* **EXERCISE OBJECTIVE**:
In the entries below, find the line with "Compare To Constant5 : simulink/Logic" and the line with "Compare To Constant4/1 -> OR/5". Return those two lines and all lines between them, exactly.

* **EXTRACTED ENTRIES**:
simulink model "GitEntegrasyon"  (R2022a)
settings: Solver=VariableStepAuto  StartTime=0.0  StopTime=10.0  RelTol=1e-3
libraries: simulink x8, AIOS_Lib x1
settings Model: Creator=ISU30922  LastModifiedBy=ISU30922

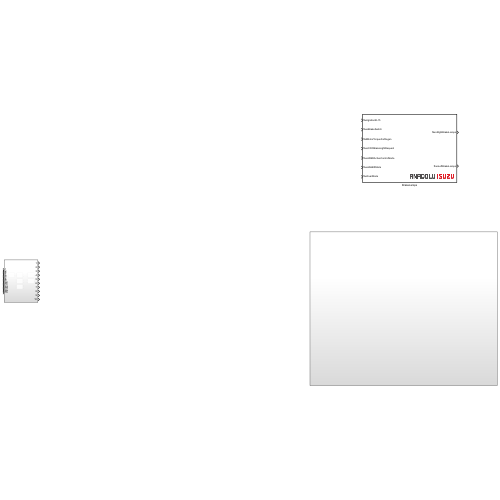
[thumbnail: Simulink's stored preview of the top-level diagram]
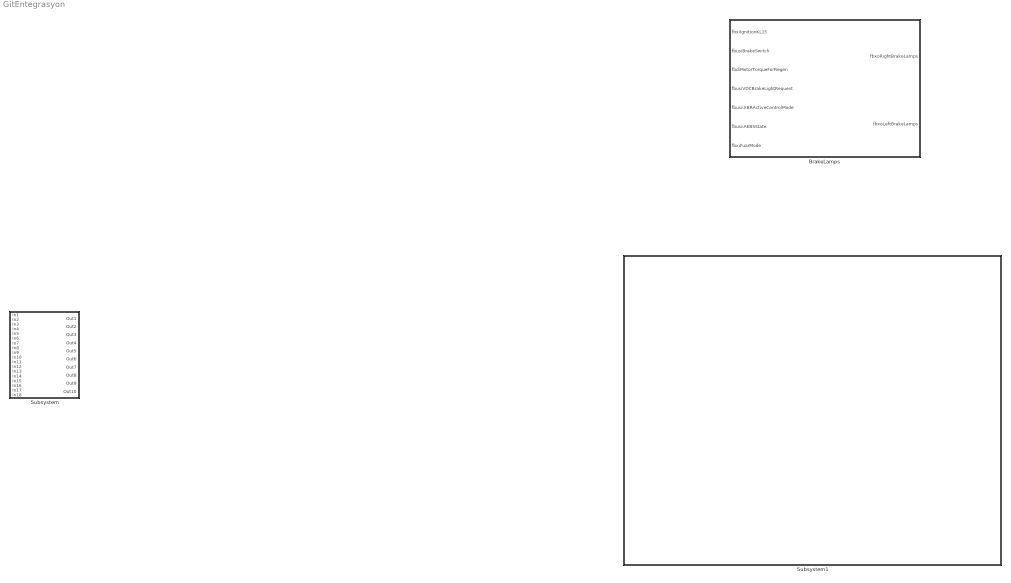
== system GitEntegrasyon ==
  BrakeLamps : Subsystem  TreatAsAtomicUnit=on
      mask Display: image('$imagefile'); % Use "Edit Image" on toolstrip to change.
  Subsystem : Subsystem
  Subsystem1 : Subsystem

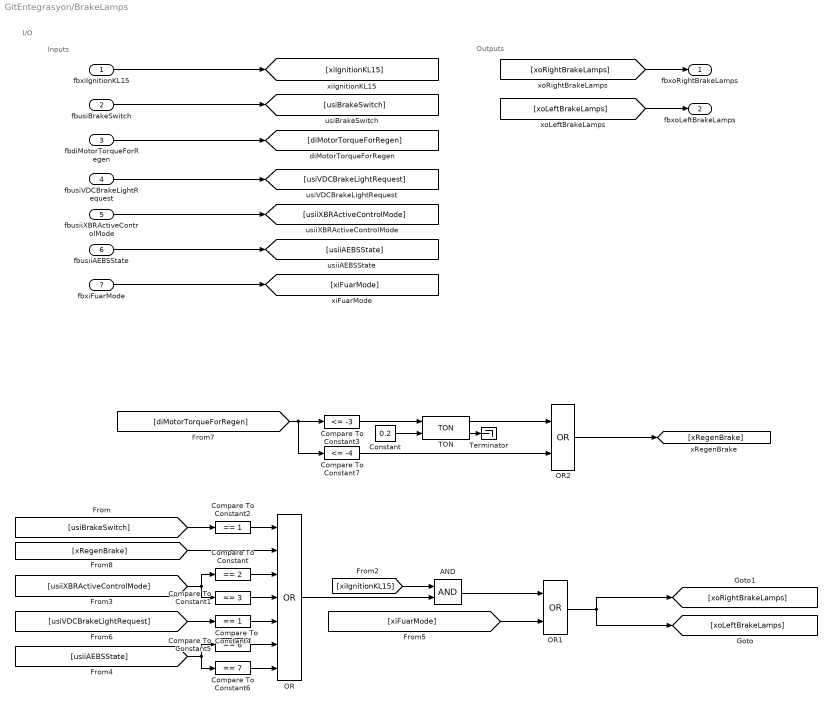
== system GitEntegrasyon/BrakeLamps ==
  note: I/O
  note: Outputs
  note: Inputs
  fbxiIgnitionKL15 : Inport  OutDataTypeStr=boolean
  fbusiBrakeSwitch : Inport  Port=2  OutDataTypeStr=uint8
  fbdiMotorTorqueForRegen : Inport  Port=3  OutDataTypeStr=double
  fbusiVDCBrakeLightRequest : Inport  Port=4  OutDataTypeStr=uint8
  fbusiiXBRActiveControlMode : Inport  Port=5  OutDataTypeStr=uint8
  fbusiiAEBSState : Inport  Port=6  OutDataTypeStr=uint8
  fbxiFuarMode : Inport  Port=7  OutDataTypeStr=boolean
  AND : Logic  AllPortsSameDT=off  OutDataTypeStr=boolean
  Compare To Constant : simulink/Logic and Bit Operations/Compare To Constant  relop===  const=2  OutDataTypeStr=boolean
  Compare To Constant1 : simulink/Logic and Bit Operations/Compare To Constant  relop===  const=3  OutDataTypeStr=boolean
  Compare To Constant2 : simulink/Logic and Bit Operations/Compare To Constant  relop===  const=1  OutDataTypeStr=boolean
  Compare To Constant3 : simulink/Logic and Bit Operations/Compare To Constant  relop=<=  const=-3  OutDataTypeStr=boolean
  Compare To Constant4 : simulink/Logic and Bit Operations/Compare To Constant  relop===  const=1  OutDataTypeStr=boolean
  Compare To Constant5 : simulink/Logic and Bit Operations/Compare To Constant  relop===  const=6  OutDataTypeStr=boolean
  Compare To Constant6 : simulink/Logic and Bit Operations/Compare To Constant  relop===  const=7  OutDataTypeStr=boolean
  Compare To Constant7 : simulink/Logic and Bit Operations/Compare To Constant  relop=<=  const=-4  OutDataTypeStr=boolean
  Constant : Constant  Value=0.2  OutDataTypeStr=single
  OR : Logic  Operator=OR  Inputs=7  AllPortsSameDT=off  OutDataTypeStr=boolean
  OR1 : Logic  Operator=OR  AllPortsSameDT=off  OutDataTypeStr=boolean
  OR2 : Logic  Operator=OR  AllPortsSameDT=off  OutDataTypeStr=boolean
  TON : AIOS_Lib/Standart Functions/TON  SystemSampleTime=-1  VariantActivationTime=update diagram  Latency=0  AutoFrameSizeCalculation=off
      settings: SourceProductName=AIOS Lib
  Terminator : Terminator
  fbxoRightBrakeLamps : Outport  OutDataTypeStr=boolean  VectorParamsAs1DForOutWhenUnconnected=off
  fbxoLeftBrakeLamps : Outport  Port=2  OutDataTypeStr=boolean  VectorParamsAs1DForOutWhenUnconnected=off
  wires:
  Compare To Constant6/1 -> OR/7
  Compare To Constant5/1 -> OR/6
  Compare To Constant4/1 -> OR/5
  [usiiAEBSState] -> Compare To Constant5/1, Compare To Constant6/1
  [usiVDCBrakeLightRequest] -> Compare To Constant4/1
  fbusiVDCBrakeLightRequest/1 -> [usiVDCBrakeLightRequest]
  [xRegenBrake] -> OR/2
  [usiBrakeSwitch] -> Compare To Constant2/1
  [xoRightBrakeLamps] -> fbxoRightBrakeLamps/1
  fbxiIgnitionKL15/1 -> [xiIgnitionKL15]
  fbusiBrakeSwitch/1 -> [usiBrakeSwitch]
  fbdiMotorTorqueForRegen/1 -> [diMotorTorqueForRegen]
  fbusiiXBRActiveControlMode/1 -> [usiiXBRActiveControlMode]
  fbusiiAEBSState/1 -> [usiiAEBSState]
  Compare To Constant2/1 -> OR/1
  OR/1 -> AND/2
  [xiIgnitionKL15] -> AND/1
  OR1/1 -> [xoLeftBrakeLamps], [xoRightBrakeLamps]
  [usiiXBRActiveControlMode] -> Compare To Constant/1, Compare To Constant1/1
  Compare To Constant/1 -> OR/3
  Compare To Constant1/1 -> OR/4
  [xoLeftBrakeLamps] -> fbxoLeftBrakeLamps/1
  fbxiFuarMode/1 -> [xiFuarMode]
  AND/1 -> OR1/1
  [xiFuarMode] -> OR1/2
  [diMotorTorqueForRegen] -> Compare To Constant7/1, Compare To Constant3/1
  Compare To Constant3/1 -> TON/1
  Constant/1 -> TON/2
  TON/2 -> Terminator/1
  TON/1 -> OR2/1
  OR2/1 -> [xRegenBrake]
  Compare To Constant7/1 -> OR2/2

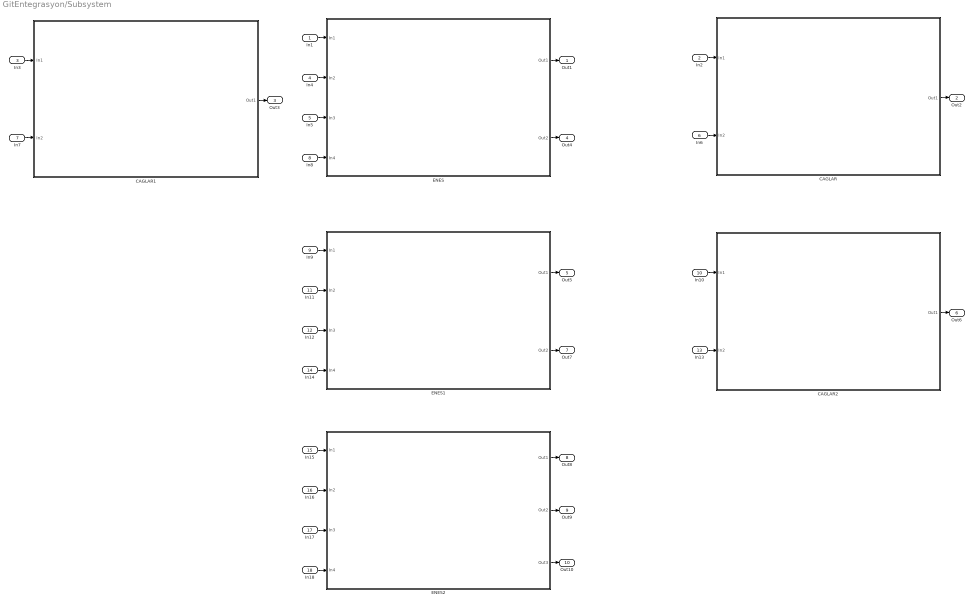
== system GitEntegrasyon/Subsystem ==
  In1 : Inport
  In2 : Inport  Port=2
  In3 : Inport  Port=3
  In4 : Inport  Port=4
  In5 : Inport  Port=5
  In6 : Inport  Port=6
  In7 : Inport  Port=7
  In8 : Inport  Port=8
  In9 : Inport  Port=9
  In10 : Inport  Port=10
  In11 : Inport  Port=11
  In12 : Inport  Port=12
  In13 : Inport  Port=13
  In14 : Inport  Port=14
  In15 : Inport  Port=15
  In16 : Inport  Port=16
  In17 : Inport  Port=17
  In18 : Inport  Port=18
  CAGLAR : Subsystem
  CAGLAR1 : Subsystem
  CAGLAR2 : Subsystem
  ENES : Subsystem
  ENES1 : Subsystem
  ENES2 : Subsystem
  Out1 : Outport
  Out2 : Outport  Port=2
  Out3 : Outport  Port=3
  Out4 : Outport  Port=4
  Out5 : Outport  Port=5
  Out6 : Outport  Port=6
  Out7 : Outport  Port=7
  Out8 : Outport  Port=8
  Out9 : Outport  Port=9
  Out10 : Outport  Port=10
  wires:
  In16/1 -> ENES2/2(In2)
  ENES2/3(Out3) -> Out10/1
  ENES/2(Out2) -> Out4/1
  CAGLAR/1(Out1) -> Out2/1
  In2/1 -> CAGLAR/1(In1)
  CAGLAR2/1(Out1) -> Out6/1
  In8/1 -> ENES/4(In4)
  In13/1 -> CAGLAR2/2(In2)
  ENES1/2(Out2) -> Out7/1
  In10/1 -> CAGLAR2/1(In1)
  In6/1 -> CAGLAR/2(In2)
  In1/1 -> ENES/1(In1)
  In17/1 -> ENES2/3(In3)
  In15/1 -> ENES2/1(In1)
  ENES/1(Out1) -> Out1/1
  In4/1 -> ENES/2(In2)
  In5/1 -> ENES/3(In3)
  CAGLAR1/1(Out1) -> Out3/1
  In12/1 -> ENES1/3(In3)
  In18/1 -> ENES2/4(In4)
  In7/1 -> CAGLAR1/2(In2)
  ENES1/1(Out1) -> Out5/1
  ENES2/2(Out2) -> Out9/1
  ENES2/1(Out1) -> Out8/1
  In11/1 -> ENES1/2(In2)
  In9/1 -> ENES1/1(In1)
  In3/1 -> CAGLAR1/1(In1)
  In14/1 -> ENES1/4(In4)

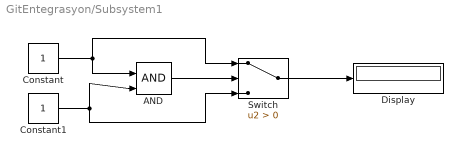
== system GitEntegrasyon/Subsystem1 ==
  AND : Logic  IconShape=distinctive  AllPortsSameDT=off  OutDataTypeStr=boolean
  Constant : Constant
  Constant1 : Constant
  Display : Display
  Switch : Switch  Criteria=u2 > Threshold  SaturateOnIntegerOverflow=off  InputSameDT=off
  wires:
  Constant/1 -> Switch/1, AND/1
  Constant1/1 -> Switch/3, AND/2
  AND/1 -> Switch/2
  Switch/1 -> Display/1

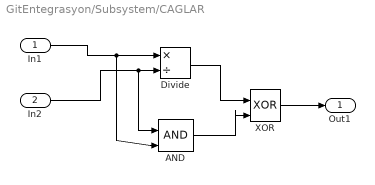
== system GitEntegrasyon/Subsystem/CAGLAR ==
  In1 : Inport
  In2 : Inport  Port=2
  AND : Logic  IconShape=distinctive  AllPortsSameDT=off  OutDataTypeStr=boolean
  Divide : Product  Inputs=*/
  XOR : Logic  Operator=XOR  IconShape=distinctive  AllPortsSameDT=off  OutDataTypeStr=boolean
  Out1 : Outport
  wires:
  In1/1 -> AND/2, Divide/1
  In2/1 -> AND/1, Divide/2
  Divide/1 -> XOR/1
  AND/1 -> XOR/2
  XOR/1 -> Out1/1

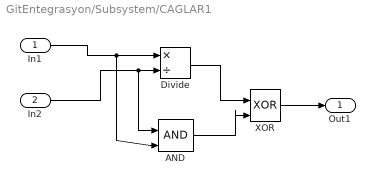
== system GitEntegrasyon/Subsystem/CAGLAR1 ==
  In1 : Inport
  In2 : Inport  Port=2
  AND : Logic  IconShape=distinctive  AllPortsSameDT=off  OutDataTypeStr=boolean
  Divide : Product  Inputs=*/
  XOR : Logic  Operator=XOR  IconShape=distinctive  AllPortsSameDT=off  OutDataTypeStr=boolean
  Out1 : Outport
  wires:
  In1/1 -> AND/2, Divide/1
  In2/1 -> AND/1, Divide/2
  Divide/1 -> XOR/1
  AND/1 -> XOR/2
  XOR/1 -> Out1/1

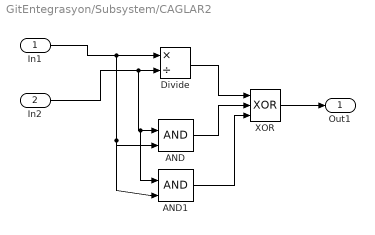
== system GitEntegrasyon/Subsystem/CAGLAR2 ==
  In1 : Inport
  In2 : Inport  Port=2
  AND : Logic  IconShape=distinctive  AllPortsSameDT=off  OutDataTypeStr=boolean
  AND1 : Logic  IconShape=distinctive  AllPortsSameDT=off  OutDataTypeStr=boolean
  Divide : Product  Inputs=*/
  XOR : Logic  Operator=XOR  Inputs=3  IconShape=distinctive  AllPortsSameDT=off  OutDataTypeStr=boolean
  Out1 : Outport
  wires:
  AND1/1 -> XOR/3
  In1/1 -> AND/2, AND1/2, Divide/1
  In2/1 -> AND/1, AND1/1, Divide/2
  Divide/1 -> XOR/1
  AND/1 -> XOR/2
  XOR/1 -> Out1/1

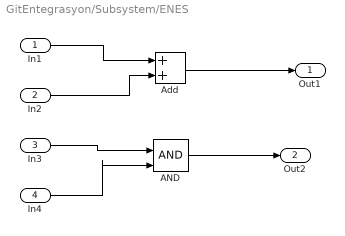
== system GitEntegrasyon/Subsystem/ENES ==
  In1 : Inport
  In2 : Inport  Port=2
  In3 : Inport  Port=3
  In4 : Inport  Port=4
  AND : Logic  IconShape=distinctive  AllPortsSameDT=off  OutDataTypeStr=boolean
  Add : Sum
  Out1 : Outport
  Out2 : Outport  Port=2
  wires:
  In1/1 -> Add/1
  In2/1 -> Add/2
  Add/1 -> Out1/1
  In3/1 -> AND/1
  In4/1 -> AND/2
  AND/1 -> Out2/1

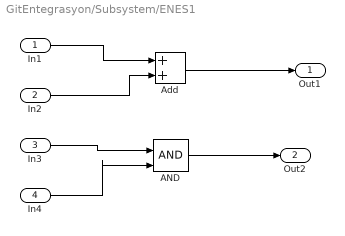
== system GitEntegrasyon/Subsystem/ENES1 ==
  In1 : Inport
  In2 : Inport  Port=2
  In3 : Inport  Port=3
  In4 : Inport  Port=4
  AND : Logic  IconShape=distinctive  AllPortsSameDT=off  OutDataTypeStr=boolean
  Add : Sum
  Out1 : Outport
  Out2 : Outport  Port=2
  wires:
  AND/1 -> Out2/1
  In4/1 -> AND/2
  In3/1 -> AND/1
  Add/1 -> Out1/1
  In2/1 -> Add/2
  In1/1 -> Add/1

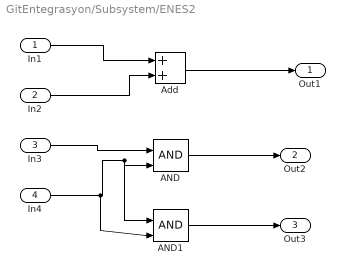
== system GitEntegrasyon/Subsystem/ENES2 ==
  In1 : Inport
  In2 : Inport  Port=2
  In3 : Inport  Port=3
  In4 : Inport  Port=4
  AND : Logic  IconShape=distinctive  AllPortsSameDT=off  OutDataTypeStr=boolean
  AND1 : Logic  IconShape=distinctive  AllPortsSameDT=off  OutDataTypeStr=boolean
  Add : Sum
  Out1 : Outport
  Out2 : Outport  Port=2
  Out3 : Outport  Port=3
  wires:
  In1/1 -> Add/1
  In2/1 -> Add/2
  Add/1 -> Out1/1
  In3/1 -> AND/1
  In4/1 -> AND1/2, AND1/1, AND/2
  AND/1 -> Out2/1
  AND1/1 -> Out3/1

* **SOLUTION TO THE EXERCISE**:
  Compare To Constant5 : simulink/Logic and Bit Operations/Compare To Constant  relop===  const=6  OutDataTypeStr=boolean
  Compare To Constant6 : simulink/Logic and Bit Operations/Compare To Constant  relop===  const=7  OutDataTypeStr=boolean
  Compare To Constant7 : simulink/Logic and Bit Operations/Compare To Constant  relop=<=  const=-4  OutDataTypeStr=boolean
  Constant : Constant  Value=0.2  OutDataTypeStr=single
  OR : Logic  Operator=OR  Inputs=7  AllPortsSameDT=off  OutDataTypeStr=boolean
  OR1 : Logic  Operator=OR  AllPortsSameDT=off  OutDataTypeStr=boolean
  OR2 : Logic  Operator=OR  AllPortsSameDT=off  OutDataTypeStr=boolean
  TON : AIOS_Lib/Standart Functions/TON  SystemSampleTime=-1  VariantActivationTime=update diagram  Latency=0  AutoFrameSizeCalculation=off
      settings: SourceProductName=AIOS Lib
  Terminator : Terminator
  fbxoRightBrakeLamps : Outport  OutDataTypeStr=boolean  VectorParamsAs1DForOutWhenUnconnected=off
  fbxoLeftBrakeLamps : Outport  Port=2  OutDataTypeStr=boolean  VectorParamsAs1DForOutWhenUnconnected=off
  wires:
  Compare To Constant6/1 -> OR/7
  Compare To Constant5/1 -> OR/6
  Compare To Constant4/1 -> OR/5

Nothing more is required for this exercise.